My mom’s first day of school, she told me, the words all stopped. It was just after the last putters of FDR’s long drive of a presidency, but his words still carried the sound of his fully fueled Plymouth. “There is room for but one language in this country,” he had said on the radio across miles of American terrain, “and that is the English language.”

Many diverse ethnic communities throughout the United States were asked to give up their rich heritage in return for promises of liberty and freedom, in return for being an American. Here, we’ll take your French, your Gumbo, your Crawfish Etouffée, and we’ll give you English, rifles for war, and peanut butter and jelly sandwiches.
The repercussions of assimilation resounded in the classroom where my mom sat for the very first time. She and a roomful of five-year-olds were told, in a language they had never heard at home and barely heard at all, that they were not to speak French anymore. English, the moving lips said, was the only language they were to communicate in from now on. From that first day, children, dressed in clothes sewn from red-gingham and blue-flowered cotton feed sacks, sat listless in class, unable to understand either their lessons or what the teachers were asking them to do. Some teachers were compassionate, whispering translations in little ears. Others were not. Little boys and girls were shamed, trickles of urine running down their desks because they did not know how to ask permission to use the bathroom in English and were not listened to when they asked in French. This was despite the fact that most of the teachers were locals who spoke the language themselves.

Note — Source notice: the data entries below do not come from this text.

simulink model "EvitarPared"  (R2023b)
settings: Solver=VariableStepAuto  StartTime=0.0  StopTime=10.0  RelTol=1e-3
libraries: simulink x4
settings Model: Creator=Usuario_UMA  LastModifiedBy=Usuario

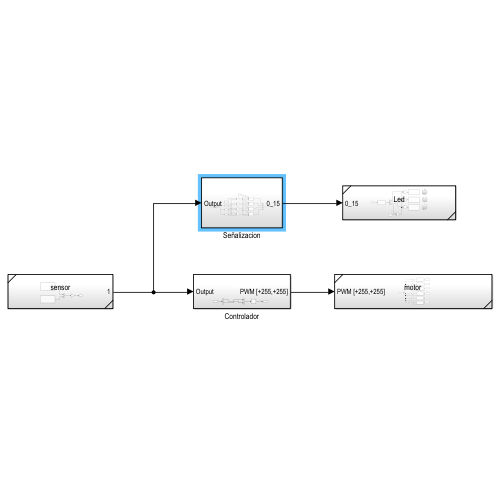
[thumbnail: Simulink's stored preview of the top-level diagram]
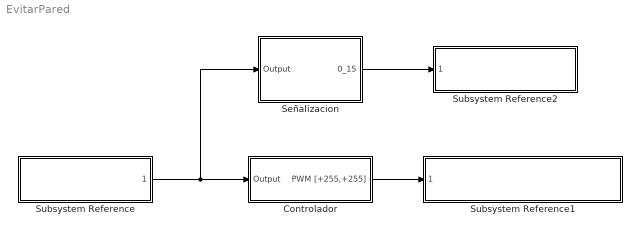
== system EvitarPared ==
  Controlador : Subsystem
  Señalizacion : Subsystem
  Subsystem Reference : Subsystem  ReferencedSubsystem=sensor
  Subsystem Reference1 : Subsystem  ReferencedSubsystem=motor
  Subsystem Reference2 : Subsystem  ReferencedSubsystem=Led
  wires:
  Subsystem Reference/1 -> Señalizacion/1(Output), Controlador/1(Output)
  Controlador/1(PWM [+255,+255]) -> Subsystem Reference1/1
  Señalizacion/1(0_15) -> Subsystem Reference2/1

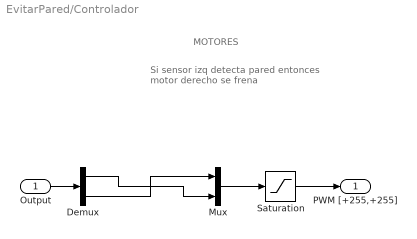
== system EvitarPared/Controlador ==
  note: MOTORES
  note: Si sensor izq detecta pared entonces motor derecho se frena
  Output : Inport
  Demux : Demux  Outputs=2
  Mux : Mux  Inputs=2
  Saturation : Saturate
  PWM [+255,+255] : Outport
  wires:
  Output/1 -> Demux/1
  Demux/2 -> Mux/1
  Mux/1 -> Saturation/1
  Saturation/1 -> PWM [+255,+255]/1
  Demux/1 -> Mux/2

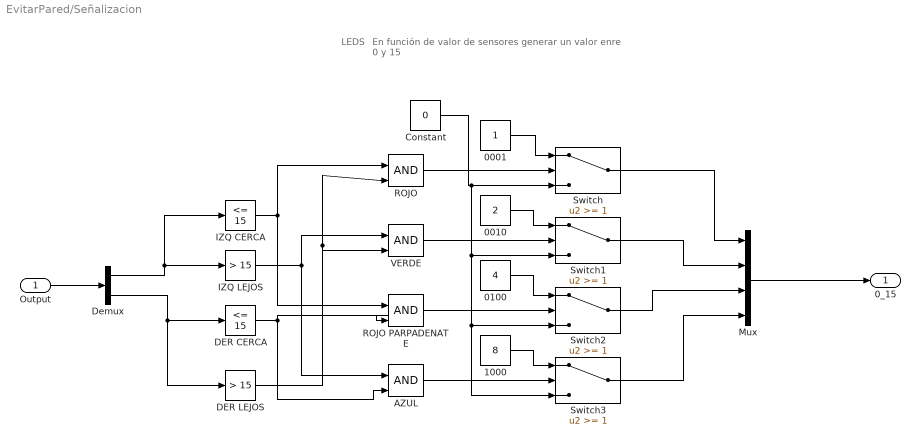
== system EvitarPared/Señalizacion ==
  note: En función de valor de sensores generar un valor enre 0 y 15
  note: LEDS
  Output : Inport
  0001 : Constant
  0010 : Constant  Value=2
  0100 : Constant  Value=4
  1000 : Constant  Value=8
  AZUL : Logic  IconShape=distinctive  AllPortsSameDT=off  OutDataTypeStr=boolean
  Constant : Constant  Value=0
  DER CERCA : simulink/Logic and Bit Operations/Compare To Constant  relop=<=  const=15  OutDataTypeStr=boolean
  "DER LEJOS " : simulink/Logic and Bit Operations/Compare To Constant  relop=>  const=15  OutDataTypeStr=boolean
  Demux : Demux  Outputs=2
  IZQ CERCA : simulink/Logic and Bit Operations/Compare To Constant  relop=<=  const=15  OutDataTypeStr=boolean
  IZQ LEJOS : simulink/Logic and Bit Operations/Compare To Constant  relop=>  const=15  OutDataTypeStr=boolean
  Mux : Mux
  ROJO : Logic  IconShape=distinctive  AllPortsSameDT=off  OutDataTypeStr=boolean
  ROJO PARPADENATE : Logic  IconShape=distinctive  AllPortsSameDT=off  OutDataTypeStr=boolean
  Switch{,1..3} (4 alike) : Switch  Threshold=1  OutDataTypeStr=int8  SaturateOnIntegerOverflow=off  InputSameDT=off
  VERDE : Logic  IconShape=distinctive  AllPortsSameDT=off  OutDataTypeStr=boolean
  0_15 : Outport
  wires:
  Output/1 -> Demux/1
  Mux/1 -> 0_15/1
  Demux/1 -> IZQ CERCA/1, IZQ LEJOS/1
  Demux/2 -> "DER LEJOS "/1, DER CERCA/1
  IZQ CERCA/1 -> ROJO PARPADENATE/1, ROJO/1
  "DER LEJOS "/1 -> ROJO/2, VERDE/2
  IZQ LEJOS/1 -> VERDE/1, AZUL/1
  DER CERCA/1 -> ROJO PARPADENATE/2, AZUL/2
  ROJO/1 -> Switch/2
  VERDE/1 -> Switch1/2
  ROJO PARPADENATE/1 -> Switch2/2
  AZUL/1 -> Switch3/2
  Constant/1 -> Switch/3, Switch1/3, Switch2/3, Switch3/3
  0010/1 -> Switch1/1
  0100/1 -> Switch2/1
  1000/1 -> Switch3/1
  0001/1 -> Switch/1
  Switch3/1 -> Mux/4
  Switch2/1 -> Mux/3
  Switch1/1 -> Mux/2
  Switch/1 -> Mux/1

Speaking French was forbidden anywhere on the school ground. If some little girl was overheard outside during playtime disobeying the rule, the afternoon would find her writing “I will not speak French at school” hundreds of times on the chalkboard or kneeling on dry corn kernels in the back corner of the room.

In those classrooms in small town Southwest Louisiana, it was instilled in students that speaking English was equal to being well-educated, to being smart. And in swift chalk lines on the blackboard and the hand-waving dismissal of their words by teachers, these young minds were forced not only to abandon their way of communicating but to deal with the effects of knowing that they were now smarter than the rest of their families- their tanties, their parans, their mommies and daddies.

It was in those small flip-top desks that my mother lost a piece of who she was. She lost a piece of where she came from, and it’s a piece I’m still trying to discover.